Every line from the one with "[COM] -> Mux/1" through the end of the records below should be restated word for word, and nothing outside that span.

[[ Given data, beginning ]]

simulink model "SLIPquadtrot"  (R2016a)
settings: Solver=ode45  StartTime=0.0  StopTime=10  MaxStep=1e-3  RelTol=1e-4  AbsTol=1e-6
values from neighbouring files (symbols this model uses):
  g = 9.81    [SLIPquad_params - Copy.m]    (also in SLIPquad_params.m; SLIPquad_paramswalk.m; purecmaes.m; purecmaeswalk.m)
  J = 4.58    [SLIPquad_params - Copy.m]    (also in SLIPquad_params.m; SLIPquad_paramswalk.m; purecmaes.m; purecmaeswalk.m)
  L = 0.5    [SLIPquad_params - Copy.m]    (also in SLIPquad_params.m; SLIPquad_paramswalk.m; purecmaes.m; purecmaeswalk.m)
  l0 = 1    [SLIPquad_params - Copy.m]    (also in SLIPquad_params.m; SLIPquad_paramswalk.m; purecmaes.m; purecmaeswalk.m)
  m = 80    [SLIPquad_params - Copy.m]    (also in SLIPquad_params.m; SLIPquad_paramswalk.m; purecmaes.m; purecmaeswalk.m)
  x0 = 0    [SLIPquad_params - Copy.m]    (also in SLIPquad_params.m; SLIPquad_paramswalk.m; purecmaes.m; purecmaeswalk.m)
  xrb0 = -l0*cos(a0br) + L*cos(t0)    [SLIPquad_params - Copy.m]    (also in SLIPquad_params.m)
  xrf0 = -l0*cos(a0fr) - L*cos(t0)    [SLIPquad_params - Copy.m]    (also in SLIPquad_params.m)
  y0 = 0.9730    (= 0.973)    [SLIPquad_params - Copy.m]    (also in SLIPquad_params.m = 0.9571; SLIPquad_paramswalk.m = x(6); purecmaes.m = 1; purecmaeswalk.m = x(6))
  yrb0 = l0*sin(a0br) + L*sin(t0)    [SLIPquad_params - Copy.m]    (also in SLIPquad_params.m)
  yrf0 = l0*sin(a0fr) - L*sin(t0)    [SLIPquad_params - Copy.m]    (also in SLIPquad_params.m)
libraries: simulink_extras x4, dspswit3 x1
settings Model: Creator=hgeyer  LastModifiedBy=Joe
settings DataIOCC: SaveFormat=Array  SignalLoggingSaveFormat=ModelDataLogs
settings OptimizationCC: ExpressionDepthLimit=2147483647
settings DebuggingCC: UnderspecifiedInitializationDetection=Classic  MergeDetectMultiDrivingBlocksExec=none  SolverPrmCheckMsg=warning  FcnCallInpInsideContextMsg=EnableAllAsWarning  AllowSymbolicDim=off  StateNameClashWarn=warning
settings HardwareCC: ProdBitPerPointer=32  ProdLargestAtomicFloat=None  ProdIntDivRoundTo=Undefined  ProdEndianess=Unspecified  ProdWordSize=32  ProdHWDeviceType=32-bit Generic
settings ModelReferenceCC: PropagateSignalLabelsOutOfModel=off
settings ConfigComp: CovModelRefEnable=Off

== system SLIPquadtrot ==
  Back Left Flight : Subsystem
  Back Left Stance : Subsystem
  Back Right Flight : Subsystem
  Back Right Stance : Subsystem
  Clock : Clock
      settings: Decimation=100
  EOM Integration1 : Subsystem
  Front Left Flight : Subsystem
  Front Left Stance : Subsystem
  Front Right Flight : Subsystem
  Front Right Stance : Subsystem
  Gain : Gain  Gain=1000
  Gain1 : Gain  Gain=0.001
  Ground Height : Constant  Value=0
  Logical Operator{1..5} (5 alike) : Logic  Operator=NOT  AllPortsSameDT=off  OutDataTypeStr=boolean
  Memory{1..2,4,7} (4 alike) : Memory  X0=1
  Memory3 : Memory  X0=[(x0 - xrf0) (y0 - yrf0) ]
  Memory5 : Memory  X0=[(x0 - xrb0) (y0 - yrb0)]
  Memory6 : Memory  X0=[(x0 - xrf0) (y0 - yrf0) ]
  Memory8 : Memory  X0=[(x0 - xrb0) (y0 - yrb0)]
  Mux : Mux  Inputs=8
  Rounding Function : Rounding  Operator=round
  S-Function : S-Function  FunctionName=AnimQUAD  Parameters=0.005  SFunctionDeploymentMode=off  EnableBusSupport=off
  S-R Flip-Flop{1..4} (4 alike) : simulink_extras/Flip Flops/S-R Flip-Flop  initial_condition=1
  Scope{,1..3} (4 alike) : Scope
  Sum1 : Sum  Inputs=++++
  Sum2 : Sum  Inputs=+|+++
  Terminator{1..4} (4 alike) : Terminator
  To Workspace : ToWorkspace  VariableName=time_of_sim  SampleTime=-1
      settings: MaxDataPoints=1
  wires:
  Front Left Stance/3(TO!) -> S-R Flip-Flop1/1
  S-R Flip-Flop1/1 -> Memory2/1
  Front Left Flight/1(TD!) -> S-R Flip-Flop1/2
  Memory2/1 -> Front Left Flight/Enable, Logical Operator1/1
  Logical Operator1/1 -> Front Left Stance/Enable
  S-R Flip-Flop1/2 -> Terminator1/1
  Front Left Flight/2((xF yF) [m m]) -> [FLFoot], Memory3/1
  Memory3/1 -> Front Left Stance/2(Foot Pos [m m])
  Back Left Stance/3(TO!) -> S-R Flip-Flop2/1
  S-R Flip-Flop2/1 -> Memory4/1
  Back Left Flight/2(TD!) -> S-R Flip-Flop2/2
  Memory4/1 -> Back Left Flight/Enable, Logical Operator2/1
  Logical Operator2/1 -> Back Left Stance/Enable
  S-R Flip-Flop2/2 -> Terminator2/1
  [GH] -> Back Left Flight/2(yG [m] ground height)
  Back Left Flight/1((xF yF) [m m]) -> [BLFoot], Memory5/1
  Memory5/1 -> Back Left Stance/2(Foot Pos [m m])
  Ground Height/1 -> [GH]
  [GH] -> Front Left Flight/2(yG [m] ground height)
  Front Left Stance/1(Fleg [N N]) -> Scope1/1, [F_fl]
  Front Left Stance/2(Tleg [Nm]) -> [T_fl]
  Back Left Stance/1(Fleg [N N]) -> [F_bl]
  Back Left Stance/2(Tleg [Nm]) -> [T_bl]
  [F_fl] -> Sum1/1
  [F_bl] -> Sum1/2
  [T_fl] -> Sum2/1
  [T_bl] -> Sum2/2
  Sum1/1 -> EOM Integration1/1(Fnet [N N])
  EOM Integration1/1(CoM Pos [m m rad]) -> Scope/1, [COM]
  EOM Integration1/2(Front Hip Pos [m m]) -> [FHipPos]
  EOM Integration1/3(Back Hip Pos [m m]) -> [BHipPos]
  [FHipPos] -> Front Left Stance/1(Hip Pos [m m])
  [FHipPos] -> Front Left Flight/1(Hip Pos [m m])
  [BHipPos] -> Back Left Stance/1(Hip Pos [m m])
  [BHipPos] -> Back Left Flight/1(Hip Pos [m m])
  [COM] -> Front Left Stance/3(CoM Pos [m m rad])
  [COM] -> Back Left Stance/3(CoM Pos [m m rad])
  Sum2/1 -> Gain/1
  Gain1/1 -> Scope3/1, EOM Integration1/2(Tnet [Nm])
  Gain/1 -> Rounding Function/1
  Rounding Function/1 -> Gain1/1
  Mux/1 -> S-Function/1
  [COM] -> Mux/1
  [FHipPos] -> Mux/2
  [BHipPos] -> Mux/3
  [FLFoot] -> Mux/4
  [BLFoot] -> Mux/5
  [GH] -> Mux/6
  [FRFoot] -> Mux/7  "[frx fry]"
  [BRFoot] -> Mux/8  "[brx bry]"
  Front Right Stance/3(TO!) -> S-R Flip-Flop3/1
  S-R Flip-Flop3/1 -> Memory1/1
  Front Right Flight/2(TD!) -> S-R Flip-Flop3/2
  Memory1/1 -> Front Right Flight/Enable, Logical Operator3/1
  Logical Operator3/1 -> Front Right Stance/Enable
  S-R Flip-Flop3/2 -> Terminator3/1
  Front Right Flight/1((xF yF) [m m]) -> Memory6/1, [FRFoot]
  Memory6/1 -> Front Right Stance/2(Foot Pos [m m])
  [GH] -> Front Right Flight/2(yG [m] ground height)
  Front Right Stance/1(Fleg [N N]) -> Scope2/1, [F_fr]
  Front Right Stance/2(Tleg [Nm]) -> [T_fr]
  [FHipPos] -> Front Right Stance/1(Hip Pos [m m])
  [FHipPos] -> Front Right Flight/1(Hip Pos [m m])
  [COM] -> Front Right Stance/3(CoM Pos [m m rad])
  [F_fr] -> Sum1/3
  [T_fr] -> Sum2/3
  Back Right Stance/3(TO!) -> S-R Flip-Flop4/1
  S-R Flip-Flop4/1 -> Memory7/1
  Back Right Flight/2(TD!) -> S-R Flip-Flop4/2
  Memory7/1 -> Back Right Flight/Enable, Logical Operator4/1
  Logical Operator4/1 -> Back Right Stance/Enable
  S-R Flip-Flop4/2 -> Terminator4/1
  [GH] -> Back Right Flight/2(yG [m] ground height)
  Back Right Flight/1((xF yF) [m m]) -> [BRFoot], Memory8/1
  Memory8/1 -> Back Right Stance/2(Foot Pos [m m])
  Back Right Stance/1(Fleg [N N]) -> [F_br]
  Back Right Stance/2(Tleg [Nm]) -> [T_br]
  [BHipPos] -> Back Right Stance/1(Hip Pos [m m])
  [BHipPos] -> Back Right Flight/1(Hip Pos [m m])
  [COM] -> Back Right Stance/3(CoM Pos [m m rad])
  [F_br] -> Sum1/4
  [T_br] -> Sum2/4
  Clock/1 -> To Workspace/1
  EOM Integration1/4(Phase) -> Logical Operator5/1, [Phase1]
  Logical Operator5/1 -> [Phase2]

[[ Given data, end ]]

**Task response:**
  [COM] -> Mux/1
  [FHipPos] -> Mux/2
  [BHipPos] -> Mux/3
  [FLFoot] -> Mux/4
  [BLFoot] -> Mux/5
  [GH] -> Mux/6
  [FRFoot] -> Mux/7  "[frx fry]"
  [BRFoot] -> Mux/8  "[brx bry]"
  Front Right Stance/3(TO!) -> S-R Flip-Flop3/1
  S-R Flip-Flop3/1 -> Memory1/1
  Front Right Flight/2(TD!) -> S-R Flip-Flop3/2
  Memory1/1 -> Front Right Flight/Enable, Logical Operator3/1
  Logical Operator3/1 -> Front Right Stance/Enable
  S-R Flip-Flop3/2 -> Terminator3/1
  Front Right Flight/1((xF yF) [m m]) -> Memory6/1, [FRFoot]
  Memory6/1 -> Front Right Stance/2(Foot Pos [m m])
  [GH] -> Front Right Flight/2(yG [m] ground height)
  Front Right Stance/1(Fleg [N N]) -> Scope2/1, [F_fr]
  Front Right Stance/2(Tleg [Nm]) -> [T_fr]
  [FHipPos] -> Front Right Stance/1(Hip Pos [m m])
  [FHipPos] -> Front Right Flight/1(Hip Pos [m m])
  [COM] -> Front Right Stance/3(CoM Pos [m m rad])
  [F_fr] -> Sum1/3
  [T_fr] -> Sum2/3
  Back Right Stance/3(TO!) -> S-R Flip-Flop4/1
  S-R Flip-Flop4/1 -> Memory7/1
  Back Right Flight/2(TD!) -> S-R Flip-Flop4/2
  Memory7/1 -> Back Right Flight/Enable, Logical Operator4/1
  Logical Operator4/1 -> Back Right Stance/Enable
  S-R Flip-Flop4/2 -> Terminator4/1
  [GH] -> Back Right Flight/2(yG [m] ground height)
  Back Right Flight/1((xF yF) [m m]) -> [BRFoot], Memory8/1
  Memory8/1 -> Back Right Stance/2(Foot Pos [m m])
  Back Right Stance/1(Fleg [N N]) -> [F_br]
  Back Right Stance/2(Tleg [Nm]) -> [T_br]
  [BHipPos] -> Back Right Stance/1(Hip Pos [m m])
  [BHipPos] -> Back Right Flight/1(Hip Pos [m m])
  [COM] -> Back Right Stance/3(CoM Pos [m m rad])
  [F_br] -> Sum1/4
  [T_br] -> Sum2/4
  Clock/1 -> To Workspace/1
  EOM Integration1/4(Phase) -> Logical Operator5/1, [Phase1]
  Logical Operator5/1 -> [Phase2]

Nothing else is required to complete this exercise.